[en] Erosion and deposition modelling should rely on field data. Currently these data are seldom available at large spatial scales and/or at high spatial resolution. In addition, conventional erosion monitoring approaches are labour intensive and costly. This calls for the development of new approaches for field erosion data acquisition.
As a result of rapid technological developments and low cost, unmanned aerial vehicles (UAV) have recently become an attractive means of generating high resolution digital elevation models (DEMs). The use of UAV to observe and quantify gully erosion is now widely established. However, in some agro-pedological contexts, soil erosion results from multiple processes, including sheet and rill erosion, tillage erosion and erosion due to harvest of root crops. These diffuse erosion processes often represent a particular challenge because of the limited elevation changes they induce. In this study,we propose to assess the reliability and development perspectives of UAV to locate and quantify erosion and deposition in a context of an agricultural watershed with silt loam soils and a smooth relief. Erosion and deposition rates derived from high resolution DEM time series are compared to field measurements.

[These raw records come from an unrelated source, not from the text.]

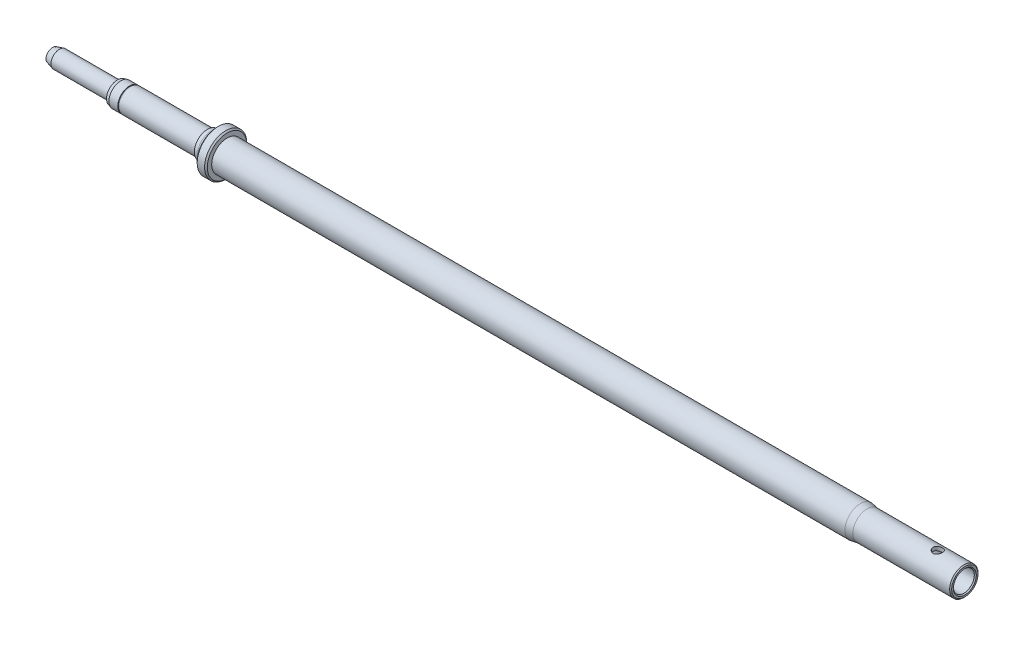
ISO-10303-21;
HEADER;
FILE_DESCRIPTION(('STEP AP214'),'2;1');
FILE_NAME('part.step','',(''),(''),'','','');
FILE_SCHEMA(('AUTOMOTIVE_DESIGN { 1 0 10303 214 1 1 1 1 }'));
ENDSEC;
DATA;
#1=APPLICATION_CONTEXT('core data for automotive mechanical design processes');
#2=APPLICATION_PROTOCOL_DEFINITION('international standard','automotive_design',2000,#1);
#3=PRODUCT_CONTEXT('',#1,'mechanical');
#4=PRODUCT('Part','Part','',(#3));
#5=PRODUCT_RELATED_PRODUCT_CATEGORY('part','',(#4));
#6=PRODUCT_DEFINITION_FORMATION('','',#4);
#7=PRODUCT_DEFINITION_CONTEXT('part definition',#1,'design');
#8=PRODUCT_DEFINITION('design','',#6,#7);
#9=PRODUCT_DEFINITION_SHAPE('','',#8);
#10=(LENGTH_UNIT() NAMED_UNIT(*) SI_UNIT(.MILLI.,.METRE.));
#11=(NAMED_UNIT(*) PLANE_ANGLE_UNIT() SI_UNIT($,.RADIAN.));
#12=(NAMED_UNIT(*) SI_UNIT($,.STERADIAN.) SOLID_ANGLE_UNIT());
#13=UNCERTAINTY_MEASURE_WITH_UNIT(LENGTH_MEASURE(1.E-05),#10,'distance_accuracy_value','');
#14=(GEOMETRIC_REPRESENTATION_CONTEXT(3) GLOBAL_UNCERTAINTY_ASSIGNED_CONTEXT((#13)) GLOBAL_UNIT_ASSIGNED_CONTEXT((#10,
#11,#12)) REPRESENTATION_CONTEXT('',''));
#15=CARTESIAN_POINT('',(0.,0.,0.));
#16=DIRECTION('',(0.,0.,1.));
#17=DIRECTION('',(1.,0.,0.));
#18=AXIS2_PLACEMENT_3D('',#15,#16,#17);
#19=CARTESIAN_POINT('',(-107.,0.,0.));
#20=DIRECTION('',(1.,0.,0.));
#21=DIRECTION('',(0.,0.,-1.));
#22=AXIS2_PLACEMENT_3D('',#19,#20,#21);
#23=CYLINDRICAL_SURFACE('',#22,17.5);
#24=CARTESIAN_POINT('',(-142.500000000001,0.,0.));
#25=DIRECTION('',(-1.,0.,0.));
#26=DIRECTION('',(0.,0.,1.));
#27=AXIS2_PLACEMENT_3D('',#24,#25,#26);
#28=CIRCLE('',#27,17.5);
#29=CARTESIAN_POINT('',(-142.500000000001,0.,17.5));
#30=VERTEX_POINT('',#29);
#31=EDGE_CURVE('E51',#30,#30,#28,.F.);
#32=ORIENTED_EDGE('',*,*,#31,.T.);
#33=EDGE_LOOP('',(#32));
#34=FACE_BOUND('',#33,.T.);
#35=CARTESIAN_POINT('',(-129.5,0.,0.));
#36=DIRECTION('',(-1.,0.,0.));
#37=DIRECTION('',(0.,0.,1.));
#38=AXIS2_PLACEMENT_3D('',#35,#36,#37);
#39=CIRCLE('',#38,17.5);
#40=CARTESIAN_POINT('',(-129.5,0.,17.5));
#41=VERTEX_POINT('',#40);
#42=EDGE_CURVE('E363',#41,#41,#39,.T.);
#43=ORIENTED_EDGE('',*,*,#42,.T.);
#44=EDGE_LOOP('',(#43));
#45=FACE_BOUND('',#44,.T.);
#46=ADVANCED_FACE('F31',(#34,#45),#23,.T.);
#47=CARTESIAN_POINT('',(-14.,0.,0.));
#48=DIRECTION('',(-1.,0.,0.));
#49=DIRECTION('',(0.,0.,1.));
#50=AXIS2_PLACEMENT_3D('',#47,#48,#49);
#51=CIRCLE('',#50,17.5);
#52=CARTESIAN_POINT('',(-14.,0.,17.5));
#53=VERTEX_POINT('',#52);
#54=EDGE_CURVE('E336',#53,#53,#51,.T.);
#55=ORIENTED_EDGE('',*,*,#54,.T.);
#56=EDGE_LOOP('',(#55));
#57=FACE_BOUND('',#56,.T.);
#58=CARTESIAN_POINT('',(-127.9,0.,0.));
#59=DIRECTION('',(-1.,0.,0.));
#60=DIRECTION('',(0.,0.,1.));
#61=AXIS2_PLACEMENT_3D('',#58,#59,#60);
#62=CIRCLE('',#61,17.5);
#63=CARTESIAN_POINT('',(-127.9,0.,17.5));
#64=VERTEX_POINT('',#63);
#65=EDGE_CURVE('E361',#64,#64,#62,.T.);
#66=ORIENTED_EDGE('',*,*,#65,.F.);
#67=EDGE_LOOP('',(#66));
#68=FACE_BOUND('',#67,.T.);
#69=ADVANCED_FACE('F148',(#57,#68),#23,.T.);
#70=CARTESIAN_POINT('',(-147.5,0.,0.));
#71=DIRECTION('',(-1.,0.,0.));
#72=DIRECTION('',(0.,0.,1.));
#73=AXIS2_PLACEMENT_3D('',#70,#71,#72);
#74=PLANE('',#73);
#75=CARTESIAN_POINT('',(-147.5,0.,0.));
#76=DIRECTION('',(-1.,0.,0.));
#77=DIRECTION('',(0.,0.,1.));
#78=AXIS2_PLACEMENT_3D('',#75,#76,#77);
#79=CIRCLE('',#78,16.1602540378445);
#80=CARTESIAN_POINT('',(-147.5,0.,16.1602540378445));
#81=VERTEX_POINT('',#80);
#82=EDGE_CURVE('E54',#81,#81,#79,.T.);
#83=ORIENTED_EDGE('',*,*,#82,.T.);
#84=EDGE_LOOP('',(#83));
#85=FACE_BOUND('',#84,.T.);
#86=CARTESIAN_POINT('',(-147.5,0.,0.));
#87=DIRECTION('',(-1.,0.,0.));
#88=DIRECTION('',(0.,0.,1.));
#89=AXIS2_PLACEMENT_3D('',#86,#87,#88);
#90=CIRCLE('',#89,12.5);
#91=CARTESIAN_POINT('',(-147.5,0.,12.5));
#92=VERTEX_POINT('',#91);
#93=EDGE_CURVE('E334',#92,#92,#90,.T.);
#94=ORIENTED_EDGE('',*,*,#93,.F.);
#95=EDGE_LOOP('',(#94));
#96=FACE_BOUND('',#95,.T.);
#97=ADVANCED_FACE('F154',(#85,#96),#74,.T.);
#98=CARTESIAN_POINT('',(-14.,0.,0.));
#99=DIRECTION('',(-1.,0.,0.));
#100=DIRECTION('',(0.,0.,1.));
#101=AXIS2_PLACEMENT_3D('',#98,#99,#100);
#102=PLANE('',#101);
#103=CARTESIAN_POINT('',(-14.,0.,0.));
#104=DIRECTION('',(-1.,0.,0.));
#105=DIRECTION('',(0.,0.,1.));
#106=AXIS2_PLACEMENT_3D('',#103,#104,#105);
#107=CIRCLE('',#106,19.5);
#108=CARTESIAN_POINT('',(-14.,0.,19.5));
#109=VERTEX_POINT('',#108);
#110=EDGE_CURVE('E87',#109,#109,#107,.T.);
#111=ORIENTED_EDGE('',*,*,#110,.T.);
#112=EDGE_LOOP('',(#111));
#113=FACE_BOUND('',#112,.T.);
#114=ORIENTED_EDGE('',*,*,#54,.F.);
#115=EDGE_LOOP('',(#114));
#116=FACE_BOUND('',#115,.T.);
#117=ADVANCED_FACE('F124',(#113,#116),#102,.T.);
#118=CARTESIAN_POINT('',(0.,0.,0.));
#119=DIRECTION('',(1.,0.,0.));
#120=DIRECTION('',(0.,0.,-1.));
#121=AXIS2_PLACEMENT_3D('',#118,#119,#120);
#122=PLANE('',#121);
#123=CARTESIAN_POINT('',(0.,0.,0.));
#124=DIRECTION('',(1.,0.,0.));
#125=DIRECTION('',(0.,0.,-1.));
#126=AXIS2_PLACEMENT_3D('',#123,#124,#125);
#127=CIRCLE('',#126,28.5);
#128=CARTESIAN_POINT('',(0.,0.,-28.5));
#129=VERTEX_POINT('',#128);
#130=EDGE_CURVE('E11',#129,#129,#127,.T.);
#131=ORIENTED_EDGE('',*,*,#130,.T.);
#132=EDGE_LOOP('',(#131));
#133=FACE_BOUND('',#132,.T.);
#134=CARTESIAN_POINT('',(0.,0.,0.));
#135=DIRECTION('',(1.,0.,0.));
#136=DIRECTION('',(0.,0.,-1.));
#137=AXIS2_PLACEMENT_3D('',#134,#135,#136);
#138=CIRCLE('',#137,29.25);
#139=CARTESIAN_POINT('',(0.,0.,-29.25));
#140=VERTEX_POINT('',#139);
#141=EDGE_CURVE('E57',#140,#140,#138,.F.);
#142=ORIENTED_EDGE('',*,*,#141,.T.);
#143=EDGE_LOOP('',(#142));
#144=FACE_BOUND('',#143,.T.);
#145=ADVANCED_FACE('F121',(#133,#144),#122,.F.);
#146=CARTESIAN_POINT('',(963.5,0.,0.));
#147=DIRECTION('',(-1.,0.,0.));
#148=DIRECTION('',(0.,0.,1.));
#149=AXIS2_PLACEMENT_3D('',#146,#147,#148);
#150=CYLINDRICAL_SURFACE('',#149,22.75);
#151=CARTESIAN_POINT('',(953.5,0.,0.));
#152=DIRECTION('',(-1.,0.,0.));
#153=DIRECTION('',(0.,0.,1.));
#154=AXIS2_PLACEMENT_3D('',#151,#152,#153);
#155=CIRCLE('',#154,22.75);
#156=CARTESIAN_POINT('',(953.5,0.,22.75));
#157=VERTEX_POINT('',#156);
#158=EDGE_CURVE('E209',#157,#157,#155,.T.);
#159=ORIENTED_EDGE('',*,*,#158,.T.);
#160=EDGE_LOOP('',(#159));
#161=FACE_BOUND('',#160,.T.);
#162=CARTESIAN_POINT('',(15.,0.,0.));
#163=DIRECTION('',(-1.,0.,0.));
#164=DIRECTION('',(0.,0.,1.));
#165=AXIS2_PLACEMENT_3D('',#162,#163,#164);
#166=CIRCLE('',#165,22.75);
#167=CARTESIAN_POINT('',(15.,0.,22.75));
#168=VERTEX_POINT('',#167);
#169=EDGE_CURVE('E69',#168,#168,#166,.T.);
#170=ORIENTED_EDGE('',*,*,#169,.F.);
#171=EDGE_LOOP('',(#170));
#172=FACE_BOUND('',#171,.T.);
#173=ADVANCED_FACE('F117',(#161,#172),#150,.T.);
#174=CARTESIAN_POINT('',(1108.5,0.,0.));
#175=DIRECTION('',(-1.,0.,0.));
#176=DIRECTION('',(0.,0.,1.));
#177=AXIS2_PLACEMENT_3D('',#174,#175,#176);
#178=CYLINDRICAL_SURFACE('',#177,21.);
#179=CARTESIAN_POINT('',(963.5,0.,0.));
#180=DIRECTION('',(-1.,0.,0.));
#181=DIRECTION('',(0.,0.,1.));
#182=AXIS2_PLACEMENT_3D('',#179,#180,#181);
#183=CIRCLE('',#182,21.);
#184=CARTESIAN_POINT('',(963.5,0.,21.));
#185=VERTEX_POINT('',#184);
#186=EDGE_CURVE('E207',#185,#185,#183,.T.);
#187=ORIENTED_EDGE('',*,*,#186,.F.);
#188=EDGE_LOOP('',(#187));
#189=FACE_BOUND('',#188,.T.);
#190=CARTESIAN_POINT('',(1107.,0.,0.));
#191=DIRECTION('',(1.,0.,0.));
#192=DIRECTION('',(0.,0.,-1.));
#193=AXIS2_PLACEMENT_3D('',#190,#191,#192);
#194=CIRCLE('',#193,21.);
#195=CARTESIAN_POINT('',(1107.,0.,-21.));
#196=VERTEX_POINT('',#195);
#197=EDGE_CURVE('E78',#196,#196,#194,.F.);
#198=ORIENTED_EDGE('',*,*,#197,.T.);
#199=EDGE_LOOP('',(#198));
#200=FACE_BOUND('',#199,.T.);
#201=CARTESIAN_POINT('',(1068.5,19.7989898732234,-6.99999999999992));
#202=CARTESIAN_POINT('',(1068.30939617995,19.7989898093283,-7.00000008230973));
#203=CARTESIAN_POINT('',(1068.11879354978,19.8017497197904,-6.99220858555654));
#204=CARTESIAN_POINT('',(1067.73894637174,19.8127016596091,-6.96111510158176));
#205=CARTESIAN_POINT('',(1067.54970234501,19.8208956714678,-6.93780745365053));
#206=CARTESIAN_POINT('',(1067.1740810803,19.8424521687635,-6.8759117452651));
#207=CARTESIAN_POINT('',(1066.98770315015,19.8558133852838,-6.83732743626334));
#208=CARTESIAN_POINT('',(1066.61901382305,19.887291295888,-6.7452213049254));
#209=CARTESIAN_POINT('',(1066.43670404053,19.9054098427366,-6.69169366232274));
#210=CARTESIAN_POINT('',(1066.07788274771,19.945800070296,-6.57032234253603));
#211=CARTESIAN_POINT('',(1065.90135848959,19.9680617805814,-6.50251298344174));
#212=CARTESIAN_POINT('',(1065.55471458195,20.0161241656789,-6.35302567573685));
#213=CARTESIAN_POINT('',(1065.38459721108,20.0419260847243,-6.271342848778));
#214=CARTESIAN_POINT('',(1065.05185931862,20.0963362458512,-6.09473563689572));
#215=CARTESIAN_POINT('',(1064.88923866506,20.1249444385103,-5.99981148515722));
#216=CARTESIAN_POINT('',(1064.57242309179,20.184192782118,-5.79736853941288));
#217=CARTESIAN_POINT('',(1064.41822851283,20.2148330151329,-5.68984923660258));
#218=CARTESIAN_POINT('',(1064.11379388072,20.2784580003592,-5.45884575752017));
#219=CARTESIAN_POINT('',(1063.96389146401,20.3114874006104,-5.33492870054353));
#220=CARTESIAN_POINT('',(1063.67500639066,20.3779489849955,-5.07515134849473));
#221=CARTESIAN_POINT('',(1063.53602037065,20.4113810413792,-4.93929475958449));
#222=CARTESIAN_POINT('',(1063.26969910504,20.4777783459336,-4.65636283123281));
#223=CARTESIAN_POINT('',(1063.14236981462,20.510743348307,-4.50928182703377));
#224=CARTESIAN_POINT('',(1062.90030588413,20.5752999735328,-4.20490454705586));
#225=CARTESIAN_POINT('',(1062.78556662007,20.6068920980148,-4.04761205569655));
#226=CARTESIAN_POINT('',(1062.56654051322,20.6686866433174,-3.71940914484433));
#227=CARTESIAN_POINT('',(1062.4626121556,20.6988298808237,-3.54824801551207));
#228=CARTESIAN_POINT('',(1062.26964362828,20.7559352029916,-3.19730250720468));
#229=CARTESIAN_POINT('',(1062.18059794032,20.7828984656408,-3.01752135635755));
#230=CARTESIAN_POINT('',(1062.01809826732,20.8328843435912,-2.65051368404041));
#231=CARTESIAN_POINT('',(1061.9446441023,20.8559070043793,-2.46328724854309));
#232=CARTESIAN_POINT('',(1061.81399798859,20.8973390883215,-2.08274846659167));
#233=CARTESIAN_POINT('',(1061.7568053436,20.9157487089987,-1.88943638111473));
#234=CARTESIAN_POINT('',(1061.66093397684,20.946857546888,-1.50500670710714));
#235=CARTESIAN_POINT('',(1061.62168052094,20.9597331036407,-1.3140466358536));
#236=CARTESIAN_POINT('',(1061.55921566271,20.9803149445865,-0.92924775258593));
#237=CARTESIAN_POINT('',(1061.53600361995,20.9880214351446,-0.735409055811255));
#238=CARTESIAN_POINT('',(1061.50585363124,20.9980446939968,-0.346372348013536));
#239=CARTESIAN_POINT('',(1061.49891223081,21.0003626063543,-0.151174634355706));
#240=CARTESIAN_POINT('',(1061.50136390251,20.9995453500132,0.239104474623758));
#241=CARTESIAN_POINT('',(1061.51075659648,20.9964103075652,0.434185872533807));
#242=CARTESIAN_POINT('',(1061.54508794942,20.9850078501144,0.81504891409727));
#243=CARTESIAN_POINT('',(1061.56939861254,20.9769478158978,1.00089379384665));
#244=CARTESIAN_POINT('',(1061.63278921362,20.9560895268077,1.36984010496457));
#245=CARTESIAN_POINT('',(1061.67187405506,20.9432896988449,1.55294060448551));
#246=CARTESIAN_POINT('',(1061.764453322,20.9132894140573,1.91502493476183));
#247=CARTESIAN_POINT('',(1061.8179431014,20.8960903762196,2.0940100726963));
#248=CARTESIAN_POINT('',(1061.93891325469,20.8577220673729,2.44682095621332));
#249=CARTESIAN_POINT('',(1062.00639890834,20.8365512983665,2.62064472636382));
#250=CARTESIAN_POINT('',(1062.15576674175,20.7904830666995,2.9641574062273));
#251=CARTESIAN_POINT('',(1062.2378216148,20.7655415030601,3.13376526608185));
#252=CARTESIAN_POINT('',(1062.41514075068,20.7127581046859,3.4655272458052));
#253=CARTESIAN_POINT('',(1062.51040953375,20.6849152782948,3.62767878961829));
#254=CARTESIAN_POINT('',(1062.71347915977,20.6270296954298,3.94352999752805));
#255=CARTESIAN_POINT('',(1062.8212807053,20.5969868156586,4.09722918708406));
#256=CARTESIAN_POINT('',(1063.04871709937,20.5354450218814,4.39529994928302));
#257=CARTESIAN_POINT('',(1063.16835237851,20.5039460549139,4.5396711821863));
#258=CARTESIAN_POINT('',(1063.42465644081,20.4387631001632,4.8248690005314));
#259=CARTESIAN_POINT('',(1063.56186321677,20.4050462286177,4.96520502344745));
#260=CARTESIAN_POINT('',(1063.84754675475,20.3377987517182,5.23384311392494));
#261=CARTESIAN_POINT('',(1063.99601997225,20.3042680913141,5.36214893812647));
#262=CARTESIAN_POINT('',(1064.30344676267,20.2382932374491,5.60601959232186));
#263=CARTESIAN_POINT('',(1064.46240581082,20.205849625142,5.72157768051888));
#264=CARTESIAN_POINT('',(1064.78969578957,20.1430032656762,5.93904281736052));
#265=CARTESIAN_POINT('',(1064.95802302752,20.1125997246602,6.04095519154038));
#266=CARTESIAN_POINT('',(1065.30559822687,20.0542870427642,6.23182809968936));
#267=CARTESIAN_POINT('',(1065.48497051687,20.0264212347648,6.32057577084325));
#268=CARTESIAN_POINT('',(1065.85106326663,19.9745851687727,6.48252880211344));
#269=CARTESIAN_POINT('',(1066.03778082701,19.9506133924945,6.55574022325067));
#270=CARTESIAN_POINT('',(1066.4172763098,19.9073407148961,6.68599283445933));
#271=CARTESIAN_POINT('',(1066.61005337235,19.888039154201,6.74303630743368));
#272=CARTESIAN_POINT('',(1067.00023361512,19.8547608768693,6.84040381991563));
#273=CARTESIAN_POINT('',(1067.19763655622,19.8407838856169,6.88072872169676));
#274=CARTESIAN_POINT('',(1067.58651906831,19.8191440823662,6.94280613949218));
#275=CARTESIAN_POINT('',(1067.77786394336,19.8112247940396,6.96531465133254));
#276=CARTESIAN_POINT('',(1068.161904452,19.8009462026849,6.99448151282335));
#277=CARTESIAN_POINT('',(1068.35460003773,19.7985867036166,7.00114042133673));
#278=CARTESIAN_POINT('',(1068.73983818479,19.7995056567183,6.99854105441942));
#279=CARTESIAN_POINT('',(1068.93238076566,19.8027832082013,6.98928532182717));
#280=CARTESIAN_POINT('',(1069.31587275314,19.814866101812,6.95495589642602));
#281=CARTESIAN_POINT('',(1069.5068221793,19.8236713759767,6.9298823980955));
#282=CARTESIAN_POINT('',(1069.87913913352,19.8461253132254,6.86530634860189));
#283=CARTESIAN_POINT('',(1070.06060960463,19.8595958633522,6.82633303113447));
#284=CARTESIAN_POINT('',(1070.41957944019,19.8910231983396,6.73420841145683));
#285=CARTESIAN_POINT('',(1070.59707746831,19.9089814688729,6.6810524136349));
#286=CARTESIAN_POINT('',(1070.94686460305,19.9488585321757,6.56102410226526));
#287=CARTESIAN_POINT('',(1071.11915486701,19.9707764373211,6.4941548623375));
#288=CARTESIAN_POINT('',(1071.45758944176,20.0179729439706,6.3471816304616));
#289=CARTESIAN_POINT('',(1071.62373138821,20.0432528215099,6.26707261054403));
#290=CARTESIAN_POINT('',(1071.95394763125,20.0973231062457,6.09149413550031));
#291=CARTESIAN_POINT('',(1072.11779377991,20.1261987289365,5.9956218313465));
#292=CARTESIAN_POINT('',(1072.4369547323,20.1860106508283,5.79105602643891));
#293=CARTESIAN_POINT('',(1072.59226656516,20.2169476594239,5.68235810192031));
#294=CARTESIAN_POINT('',(1072.89342701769,20.280052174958,5.45285650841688));
#295=CARTESIAN_POINT('',(1073.03927478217,20.312219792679,5.33205174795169));
#296=CARTESIAN_POINT('',(1073.32066248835,20.3769486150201,5.07907567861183));
#297=CARTESIAN_POINT('',(1073.45620219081,20.4095098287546,4.94690410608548));
#298=CARTESIAN_POINT('',(1073.72247587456,20.4757619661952,4.66530668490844));
#299=CARTESIAN_POINT('',(1073.85266035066,20.5094313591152,4.51535549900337));
#300=CARTESIAN_POINT('',(1074.09991645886,20.5753460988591,4.20479709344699));
#301=CARTESIAN_POINT('',(1074.21699246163,20.6075919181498,4.04419345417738));
#302=CARTESIAN_POINT('',(1074.43729084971,20.6697907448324,3.7132339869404));
#303=CARTESIAN_POINT('',(1074.54050796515,20.6997428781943,3.54287448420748));
#304=CARTESIAN_POINT('',(1074.73220002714,20.7564914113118,3.1936408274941));
#305=CARTESIAN_POINT('',(1074.82068115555,20.7832891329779,3.01477028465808));
#306=CARTESIAN_POINT('',(1074.98171475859,20.8328296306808,2.65079768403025));
#307=CARTESIAN_POINT('',(1075.05436256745,20.8555965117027,2.46574112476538));
#308=CARTESIAN_POINT('',(1075.18374912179,20.8966202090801,2.08973897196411));
#309=CARTESIAN_POINT('',(1075.24049422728,20.9148788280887,1.89879576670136));
#310=CARTESIAN_POINT('',(1075.33756921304,20.9463658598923,1.51239071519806));
#311=CARTESIAN_POINT('',(1075.37790070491,20.9595947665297,1.3169293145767));
#312=CARTESIAN_POINT('',(1075.44175002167,20.9806334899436,0.9229934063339));
#313=CARTESIAN_POINT('',(1075.4652685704,20.9884435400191,0.724519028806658));
#314=CARTESIAN_POINT('',(1075.49454500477,20.99817806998,0.335524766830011));
#315=CARTESIAN_POINT('',(1075.50108638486,21.0003621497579,0.145069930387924));
#316=CARTESIAN_POINT('',(1075.4986200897,20.9995400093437,-0.235726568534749));
#317=CARTESIAN_POINT('',(1075.48961272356,20.996533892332,-0.426068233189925));
#318=CARTESIAN_POINT('',(1075.45613705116,20.9854138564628,-0.805216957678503));
#319=CARTESIAN_POINT('',(1075.43167010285,20.9773003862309,-0.994024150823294));
#320=CARTESIAN_POINT('',(1075.36750678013,20.9561860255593,-1.36875331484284));
#321=CARTESIAN_POINT('',(1075.32781036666,20.9431851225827,-1.55467527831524));
#322=CARTESIAN_POINT('',(1075.23430921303,20.9128907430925,-1.91936009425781));
#323=CARTESIAN_POINT('',(1075.18074210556,20.8956698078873,-2.09819003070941));
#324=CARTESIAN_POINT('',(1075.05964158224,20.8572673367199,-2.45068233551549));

The UAV technique demonstrates a high level of flexibility and can be used, for instance, after a major erosive event. It delivers a very high resolution DEM(pixel size: 6 cm) which allows us to compute high resolution runoff pathways. This could enable us to precisely locate runoff management practices such as fascines. Furthermore, the DEMs can be used diachronically to extract elevation differences before and after a strongly erosive rainfall and be validated by field measurements. While the analysis for this study was carried out over 2 years, we observed a tendency along the slope from erosion to deposition. Erosion and deposition patterns detected at the watershed scale are also promising. Nevertheless, further development in the processing workflow of UAV data is required in order to make this technique accurate and robust enough for detecting sediment movements in an agricultural watershed affected by diffuse erosion. This area of investigation holdsmuch potential as the images processing is relatively new and expanding.